## [MATERIAL FOR THE TASK]

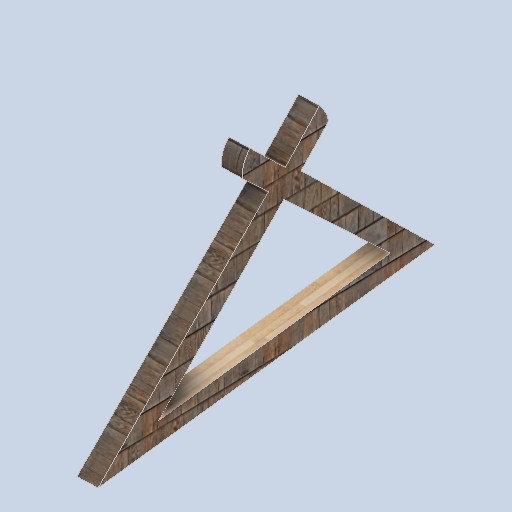
# Autodesk Inventor part: panel_block_02
Saved by Autodesk Inventor 2024.2 (Build 282272000, 272)
## iProperties
Created: 2024-05-21
Part Number: panel_block_02
Material: Wood (Maple)
Document SubType Name: Modeling
Designer: LOSTER_1
Density: 0.67 g/cm^3
Appearance: Natural Maple - Glossy Dark Tint
Author: LOSTER_1
Autodesk Inventor part; units mm, degrees
sketch "Sketch1" plane through (0, 0, 0) normal (0, 0, 1) x (1, 0, 0)
  line L0 (2948.6488, 634.5525) -> (2841.4489, 559.4904)
  line L1 (2841.4489, 559.4904) -> (2956.2003, 395.6085)
  line L2 (2956.2003, 395.6085) -> (3063.4001, 470.6706)
  line L3 (1051.1773, 2444.1167) -> (976.8907, 2338.0244)
  line L4 (976.8907, 2338.0244) -> (1140.7211, 2223.3091)
  line L5 (1140.7211, 2223.3091) -> (1215.0077, 2329.4014)
  line L6 (-383.8501, 3232.1868) -> (-383.8501, 3052.6308)
  arc A0 (4065.9398, -2152.4924) -> (-383.8501, 3052.6308) centre (-4485.4868, -4958.3977) ccw
  arc A1 (1051.1773, 2444.1167) -> (-383.8501, 3232.1868) centre (-3980.604, -5017.8654) ccw
  arc A2 (2948.6488, 634.5525) -> (1215.0077, 2329.4014) centre (-4152.392, -4894.9339) ccw
  arc A3 (4300.883, -1939.8955) -> (3063.4001, 470.6706) centre (-4233.2291, -4798.0297) ccw
  arc A4 (4065.9398, -2152.4924) -> (4300.883, -1939.8955) centre (3657.2708, -1464.7499) ccw
  point P0 (0, 0)
  point P1 (4065.924, -2152.4924)
  point P2 (4065.924, -2152.4924)
  dimension "d8" = 9000
  dimension "d9" = 9000
  dimension "d10" = 9000
  dimension "d11" = 9000
  dimension "d12" = 800
  constraints: 14 end point, 10 point on circle, 5 centre point, 4 perpendicular, 1 coincident, 1 vertical
  measures "d8" radius of A0
  measures "d9" radius of A1
  measures "d10" radius of A2
  measures "d11" radius of A3
  measures "d12" radius of A4
ref_plane "Work Plane2" through (0, 0, -7900) normal (0, 0, 1) x (1, 0, 0)
ref_plane "Work Plane1" through (0, 0, 0) normal (0, 0, 1) x (1, 0, 0)
sketch "Sketch2" plane through (0, 0, -7900) normal (0, 0, 1) x (1, 0, 0)
  arc A0 (895.257, 3171.2695) -> (-383.8658, 4018.7524) centre (-4697.1096, -3880.3569) ccw projected
  line L0 (-383.8658, 4018.7524) -> (-383.8658, 3839.1061) projected
  arc A1 (4065.924, -2152.4924) -> (-383.8658, 3839.1061) centre (-4733.9746, -4039.7614) ccw projected
  line L1 (895.257, 3171.2695) -> (830.4728, 3059.0601) projected
  line L2 (830.4728, 3059.0601) -> (1003.6891, 2959.0536) projected
  line L3 (1068.4733, 3071.2631) -> (1003.6891, 2959.0536) projected
  arc A2 (2750.1419, 1279.62) -> (1068.4733, 3071.2631) centre (-4591.4319, -3926.2703) ccw projected
  line L4 (2750.1419, 1279.62) -> (2643.8882, 1205.2246) projected
  line L5 (2643.8882, 1205.2246) -> (2759.146, 1041.7698) projected
  line L6 (2865.5448, 1116.2711) -> (2759.146, 1041.7698) projected
  arc A3 (4310.9102, -1926.005) -> (2865.5448, 1116.2711) centre (-4397.3898, -4198.7812) ccw projected
  arc A4 (4065.924, -2152.4924) -> (4310.9102, -1926.005) centre (3657.2831, -1464.7333) ccw
  point P0 (0, 0)
  dimension "d7" = 800
  constraints: 2 point on circle, 1 centre point
  measures "d7" radius of A4
loft "Loft1" add profiles "Sketch1", "Sketch2"
ref_plane "Work Plane3" through (2500, 0, 0) normal (1, 0, 0) x (0, 1, 0)
sketch "Sketch3" plane through (2500, 0, 0) normal (1, 0, 0) x (0, 1, 0)
  line L0 (2569.5835, -3718.0946) -> (1551.2045, -2616.5476)
  line L1 (1551.2045, -2616.5476) -> (1738.7871, -4630.7013)
  line L2 (1738.7871, -4630.7013) -> (2569.5835, -3718.0946)
  line L3 (4228.9662, 279.606) -> (-2269.9695, 279.606)
  line L4 (-2269.9695, 279.606) -> (-2269.9695, -8192.2559)
  line L5 (-2269.9695, -8192.2559) -> (4228.9662, -8192.2559)
  line L6 (4228.9662, -8192.2559) -> (4228.9662, 279.606)
  point P0 (0, 0)
  constraints: 14 end point, 2 parallel, 1 horizontal, 1 perpendicular
extrude "Extrusion1" cut sketch "Sketch3" along normal through all both and the other way through all
ref_plane "Work Plane4" through (1945.737, 1551.2045, -2616.5476) normal (0, -0.9956912, -0.0927309) x (1, 0, 0)
sketch "Sketch5" plane through (1945.737, 1551.2045, -2616.5476) normal (0, -0.9956912, -0.0927309) x (1, 0, 0)
  line L0 (347.8734, 0) -> (290.3896, -2022.8698)
  point P0 (-1945.737, 2749.1181)
  constraints: 2 end point
ref_plane "Work Plane5" through (2293.6104, 1551.2045, -2616.5476) normal (-0.6425282, -0.7644369, -0.052856) x (-0.0284055, 0.0926935, -0.9952894)
sketch "Sketch6" plane through (2293.6104, 1551.2045, -2616.5476) normal (-0.6425282, -0.7644369, -0.052856) x (-0.0284055, 0.0926935, -0.9952894)
  line L0 (-1061.9028, -2252.9112) -> (2197.0944, -2252.9112)
  line L1 (2197.0944, -2252.9112) -> (2197.0944, 343.7273)
  line L2 (2197.0944, 343.7273) -> (-1061.9028, 343.7273)
  line L3 (-1061.9028, 343.7273) -> (-1061.9028, -2252.9112)
  point P0 (-2682.8576, -979.2829)
  constraints: 8 end point, 2 parallel, 1 horizontal, 1 perpendicular
extrude "Extrusion2" cut sketch "Sketch6" against normal through all
ref_plane "Work Plane6" through (2293.6104, 1551.2045, -2616.5476) normal (-0.9995965, -0.0026341, 0.0282831) x (-0.0284055, 0.0926935, -0.9952894)
sketch "Sketch7" plane through (2293.6104, 1551.2045, -2616.5476) normal (-0.6425282, -0.7644369, -0.052856) x (-0.0284055, 0.0926935, -0.9952894)
  line L0 (0, 0) -> (1222.5973, -1418.5767) projected
  line L1 (1222.5973, -1418.5767) -> (2023.6864, 0) projected
  point P0 (-2682.8576, -979.2829)
  constraints: 1 horizontal alignment
sketch "Sketch8" plane through (2293.6104, 1551.2045, -2616.5476) normal (-0.9995965, -0.0026341, 0.0282831) x (-0.0284055, 0.0926935, -0.9952894)
  line L0 (0, 0) -> (1222.5973, -911.8435) projected
  spline S0 degree 4 poles (2023.6864, 0) (1891.4174, -0.0605) (1759.1485, -0.1112) (1626.8795, -0.1518) (1361.543, -0.2126) (1228.4756, -0.2325) (1095.4081, -0.2417) (831.8573, -0.2379) (701.374, -0.2253) (570.8907, -0.2017) (330.3055, -0.1374) (220.2037, -0.0999) (110.1018, -0.0542) (0, 0) knots 0 0 0 0 0 0.261442 0.261442 0.261442 0.524462 0.524462 0.524462 0.782374 0.782374 0.782374 1 1 1 1 1 projected
  line L1 (1222.5973, -911.8435) -> (2023.6864, 0) projected
  point P0 (-2682.8576, 1301.8858)
  constraints: 1 horizontal alignment
loft "Loft2" add profiles "Sketch8" section 1 edges at (1733.119, 2060.394, -3167.3211) (2264.5827, 1645.2339, -3623.5941) (1704.3771, 2154.1853, -4174.3979)
sketch "Sketch9" plane through (2293.6104, 1551.2045, -2616.5476) normal (-0.9995965, -0.0026341, 0.0282831) x (-0.0284055, 0.0926935, -0.9952894)
  line L0 (1222.5973, -911.8435) -> (0, 0) projected
  line L1 (2023.6864, 0) -> (1222.5973, -911.8435) projected
  spline S0 degree 4 poles (0, 0) (110.1018, -0.0542) (220.2037, -0.0999) (330.3055, -0.1374) (570.8907, -0.2017) (701.374, -0.2253) (831.8573, -0.2379) (1095.4081, -0.2417) (1228.4756, -0.2325) (1361.543, -0.2126) (1626.8795, -0.1518) (1759.1485, -0.1112) (1891.4174, -0.0605) (2023.6864, 0) knots 0 0 0 0 0 0.217626 0.217626 0.217626 0.475538 0.475538 0.475538 0.738558 0.738558 0.738558 1 1 1 1 1 projected
  point P0 (-2682.8576, 1301.8858)
  constraints: 1 horizontal alignment
extrude "Extrusion3" add sketch "Sketch9" against normal blind 1
sketch "Sketch10" plane through (2294.61, 1551.2071, -2616.5759) normal (0.9995965, 0.0026341, -0.0282831) x (-0.0284055, 0.0926935, -0.9952894)
  line L0 (2023.6864, 0) -> (1222.5973, 911.8435) projected
  line L1 (1222.5973, 911.8435) -> (0, 0) projected
  point P0 (-2682.8576, -1301.8858)
  constraints: 1 horizontal alignment
sketch "Sketch11" plane through (2294.61, 1551.2071, -2616.5759) normal (0.9995965, 0.0026341, -0.0282831) x (-0.0284055, 0.0926935, -0.9952894)
  line L0 (-1104.2744, 1764.8294) -> (3009.0866, 1764.8294)
  line L1 (3009.0866, 1764.8294) -> (3009.0866, -1120.984)
  line L2 (3009.0866, -1120.984) -> (-1104.2744, -1120.984)
  line L3 (-1104.2744, -1120.984) -> (-1104.2744, 1764.8294)
  point P0 (-2682.8576, -1301.8858)
  constraints: 8 end point, 2 parallel, 1 horizontal, 1 perpendicular
extrude "Extrusion4" cut sketch "Sketch11" against normal through all
ref_plane "Work Plane7" through (2259.8815, 2572.4485, -3748.8579) normal (-0.9995965, -0.0026341, 0.0282831) x (0.02277, -0.6695833, 0.7423878)
sketch "Sketch12" plane through (2259.8815, 2572.4485, -3748.8579) normal (-0.9995965, -0.0026341, 0.0282831) x (0.02277, -0.6695833, 0.7423878)
  line L0 (1824.1754, 71.0087) -> (-191.8191, -1432.5702)
  line L1 (-191.8191, -1432.5702) -> (-218.3749, -1452.3762)
  line L2 (1355.6088, -93.5273) -> (-48.5024, -1138.6261)
  line L3 (-48.5024, -1138.6261) -> (43.4592, -46.5069)
  line L4 (-218.3749, -1452.3762) -> (-129.6551, -49.5311)
  line L5 (1824.1754, 71.0087) -> (56.688, 110.5959)
  line L6 (56.688, 110.5959) -> (79.2582, 378.6347)
  line L7 (-129.6551, -49.5311) -> (-422.1869, -34.2052)
  line L8 (-97.0049, 90.8023) -> (-72.3771, 459.6792)
  line L9 (-97.0049, 90.8023) -> (-461.7897, 110.5959)
  arc A0 (-461.7897, 110.5959) -> (-422.1869, -34.2052) centre (-203.8576, 103.3236) ccw
  arc A1 (79.2582, 378.6347) -> (-72.3771, 459.6792) centre (-80.6938, 261.7407) ccw
  line L10 (43.4592, -46.5069) -> (1355.6088, -93.5273)
  point P0 (4454.1178, 560.366)
  point P1 (0, 0)
  point P2 (1525.1894, 0)
  point P3 (-97.0049, -1209.8729)
  point P4 (1451.8368, -21.9036)
  constraints: 22 end point, 4 point on circle, 2 centre point
extrude "Extrusion5" add sketch "Sketch12" against normal blind 150
ref_plane "Work Plane8" through (2334.8512, 2572.6461, -3750.9792) normal (-0.9995965, -0.0026341, 0.0282831) x (0.02277, -0.6695833, 0.7423878)
sketch "Sketch14" plane through (2334.8512, 2572.6461, -3750.9792) normal (-0.9995965, -0.0026341, 0.0282831) x (0.02277, -0.6695833, 0.7423878)
  line L0 (1451.8368, -21.9036) -> (43.4592, -46.5069) projected
  line L1 (43.4592, -46.5069) -> (-48.5024, -1138.6261) projected
  line L2 (-48.5024, -1138.6261) -> (1355.6088, -93.5273) projected
  line L3 (-48.5024, -1138.6261) -> (43.4592, -46.5069) projected
  line L4 (36.357, -130.8518) -> (1354.1445, -94.6172)
  line L5 (29.9819, -206.5611) -> (1254.1697, -169.0298)
  line L6 (23.4479, -284.1574) -> (1145.7195, -249.7507)
  line L7 (16.9375, -361.4743) -> (1037.66, -330.1809)
  line L8 (11.2021, -429.586) -> (925.5677, -413.6127)
  line L9 (5.2661, -500.0812) -> (833.993, -481.773)
  line L10 (5.2661, -580.2648) -> (718.4048, -567.8068)
  line L11 (5.2661, -580.2648) -> (-1.4957, -580.383)
  line L12 (-7.9772, -657.3559) -> (615.2506, -644.5859)
  line L13 (-14.4897, -734.6974) -> (512.2276, -721.2673)
  line L14 (-20.8834, -810.6278) -> (426.4206, -798.3271)
  line L15 (-26.6611, -879.2427) -> (308.1889, -873.136)
  line L16 (-32.3399, -946.6834) -> (221.1278, -937.9367)
  line L17 (-37.3457, -1006.1304) -> (133.6992, -1003.011)
  line L18 (-41.9227, -1060.4869) -> (56.4792, -1060.4869)
  line L19 (1355.6088, -93.5273) -> (-48.5024, -1138.6261) projected
  line L20 (116.3671, -52.6461) -> (14.2049, -1091.9522)
  line L21 (190.5781, -52.6461) -> (82.9233, -1040.8042)
  line L22 (190.5781, -52.6461) -> (191.5287, -43.9202)
  line L23 (116.3671, -52.6461) -> (117.0971, -45.2205)
  line L24 (264.8096, -42.6401) -> (168.5004, -977.108)
  line L25 (335.0568, -41.4129) -> (244.4471, -920.5799)
  line L26 (405.5718, -40.181) -> (320.6833, -863.8362)
  line L27 (43.4592, -46.5069) -> (1451.8368, -21.9036) projected
  line L28 (494.8216, -38.6219) -> (401.4074, -815.2786)
  line L29 (584.5837, -37.0538) -> (494.8216, -734.2227)
  line L30 (673.0821, -35.5078) -> (584.5837, -667.4116)
  line L31 (761.0304, -33.9714) -> (682.5265, -594.5115)
  line L32 (845.2654, -32.4999) -> (776.3341, -524.6893)
  line L33 (922.1945, -31.156) -> (862.0055, -460.9229)
  line L34 (1000.074, -29.7955) -> (948.7353, -396.3688)
  line L35 (1079.0786, -28.4154) -> (1030.8888, -335.2208)
  line L36 (1150.7176, -27.1639) -> (1111.7893, -275.0055)
  line L37 (1222.0396, -25.918) -> (1192.3317, -215.0567)
  line L38 (1300.3477, -24.55) -> (1272.1344, -155.6584)
  line L39 (1372.2211, -23.2944) -> (1361.9285, -88.8235)
  point P0 (4454.1178, 560.366)
  point P1 (108.8756, -128.8578)
  point P2 (182.4957, -126.8335)
  point P3 (174.2918, -202.1368)
  point P4 (101.4529, -204.3699)
  point P5 (79.4317, -428.3941)
  point P6 (149.7761, -427.1652)
  point P7 (142.1618, -497.0569)
  point P8 (72.531, -498.5951)
  point P9 (49.4829, -733.0662)
  point P10 (116.6363, -731.354)
  point P11 (108.3871, -807.0729)
  point P12 (42.0287, -808.8978)
  point P13 (256.3417, -124.803)
  point P14 (326.6617, -122.8694)
  point P15 (318.9492, -197.7019)
  point P16 (248.6062, -199.8585)
  point P17 (240.6042, -277.4998)
  point P18 (310.9472, -275.3432)
  point P19 (302.9741, -352.7049)
  point P20 (232.6311, -354.8615)
  point P21 (225.3153, -425.8456)
  point P22 (295.5625, -424.6184)
  point P23 (288.4297, -493.8255)
  point P24 (218.149, -495.3782)
  point P25 (209.7685, -576.6923)
  point P26 (280.0157, -575.4652)
  point P27 (272.1674, -651.6157)
  point P28 (201.8983, -653.0555)
  point P29 (194.032, -729.3806)
  point P30 (264.3374, -727.5879)
  point P31 (256.5654, -802.9981)
  point P32 (186.2454, -804.9319)
  point P33 (750.2112, -111.2233)
  point P34 (834.565, -108.9039)
  point P35 (824.2986, -182.2089)
  point P36 (739.9073, -184.7961)
  point P37 (729.0212, -262.5259)
  point P38 (813.4125, -259.9386)
  point P39 (802.5656, -337.3884)
  point P40 (718.1743, -339.9757)
  point P41 (707.3275, -417.4252)
  point P42 (791.5625, -415.9537)
  point P43 (782.1842, -482.9175)
  point P44 (697.8945, -484.7796)
  point P45 (911.6025, -106.7856)
  point P46 (989.5918, -104.6412)
  point P47 (979.3944, -177.4539)
  point P48 (901.3704, -179.846)
  point P49 (890.4843, -257.5757)
  point P50 (968.5083, -255.1837)
  point P51 (957.6614, -332.6335)
  point P52 (879.6374, -335.0256)
  point P53 (1067.4421, -102.5006)
  point P54 (1139.1944, -100.5276)
  point P55 (1127.8264, -172.9033)
  point P56 (1056.0383, -175.1042)
  point P57 (515.7923, -571.3463)
  point P58 (598.2394, -569.906)
  point P59 (587.7014, -645.1504)
  point P60 (506.0746, -646.8229)
  point P61 (535.2229, -420.4317)
  point P62 (619.3793, -418.9616)
  point P63 (609.8891, -486.7239)
  point P64 (526.4503, -488.5672)
  point P65 (554.8662, -267.8651)
  point P66 (640.9098, -265.2272)
  point P67 (630.0629, -342.677)
  point P68 (544.8979, -345.288)
  point P69 (574.4119, -116.0572)
  point P70 (662.139, -113.645)
  point P71 (651.7959, -187.4975)
  point P72 (564.8706, -190.1624)
  point P73 (350.5307, -574.2333)
  point P74 (430.5679, -572.8351)
  point P75 (421.4603, -648.5567)
  point P76 (342.7044, -650.1704)
  point P77 (366.0774, -423.3866)
  point P78 (448.7168, -421.9429)
  point P79 (440.4749, -490.4665)
  point P80 (358.9784, -492.267)
  point P81 (381.5584, -273.1784)
  point P82 (466.9246, -270.5613)
  point P83 (457.6148, -347.964)
  point P84 (373.5852, -350.5401)
  point P85 (397.2497, -120.9285)
  point P86 (485.2129, -118.5098)
  point P87 (476.268, -192.8788)
  point P88 (389.5603, -195.5371)
  point P89 (35.2249, -878.1141)
  point P90 (100.7778, -876.9186)
  point P91 (93.6509, -942.3357)
  point P92 (28.6916, -944.5773)
  point P93 (64.6049, -579.2282)
  point P94 (133.3405, -578.0275)
  point P95 (124.9949, -654.6313)
  point P96 (57.0561, -656.0234)
  point P97 (93.822, -281.9999)
  point P98 (165.8317, -279.7922)
  point P99 (157.402, -357.1679)
  point P100 (86.2186, -359.3502)
  point P101 (56.4792, -1060.4869)
  point P102 (17.2979, -1060.4869)
  point P103 (22.7488, -1005.0344)
  point P104 (86.9478, -1003.8636)
  point P105 (172.3641, -939.6195)
  point P106 (178.9732, -875.4925)
  point P107 (249.226, -874.2113)
  point P108 (244.4471, -920.5799)
  point P109 (402.9301, -802.6189)
  point P110 (403.37, -798.961)
  point P111 (327.1535, -801.0569)
  point P112 (334.9109, -725.7885)
  point P113 (412.4087, -723.8124)
  point P114 (408.0161, -798.8332)
  point P115 (496.4378, -721.6699)
  point P116 (682.5265, -594.5115)
  point P117 (686.1876, -568.3696)
  point P118 (862.0055, -460.9229)
  point P119 (868.4916, -414.6098)
  point P120 (1030.8888, -335.2208)
  point P121 (1043.8229, -252.8747)
  point P122 (1115.611, -250.6738)
  point P123 (1111.7893, -275.0055)
  point P124 (1199.2969, -170.7121)
  point P125 (1210.6292, -98.5634)
  point P126 (1284.8599, -96.5223)
  point P127 (1272.1344, -155.6584)
  constraints: 68 end point, 12 parallel, 5 point on line, 1 horizontal, 54 other
body "Solid1"

## [WHAT IS BEING ASKED]
Please return the lines above that run from the line containing "point P65 (554.8662, -267.8651)" to the line containing "point P86 (485.2129, -118.5098)", inclusive, exactly and with no other lines.

## [ANSWER SECTION]
  point P65 (554.8662, -267.8651)
  point P66 (640.9098, -265.2272)
  point P67 (630.0629, -342.677)
  point P68 (544.8979, -345.288)
  point P69 (574.4119, -116.0572)
  point P70 (662.139, -113.645)
  point P71 (651.7959, -187.4975)
  point P72 (564.8706, -190.1624)
  point P73 (350.5307, -574.2333)
  point P74 (430.5679, -572.8351)
  point P75 (421.4603, -648.5567)
  point P76 (342.7044, -650.1704)
  point P77 (366.0774, -423.3866)
  point P78 (448.7168, -421.9429)
  point P79 (440.4749, -490.4665)
  point P80 (358.9784, -492.267)
  point P81 (381.5584, -273.1784)
  point P82 (466.9246, -270.5613)
  point P83 (457.6148, -347.964)
  point P84 (373.5852, -350.5401)
  point P85 (397.2497, -120.9285)
  point P86 (485.2129, -118.5098)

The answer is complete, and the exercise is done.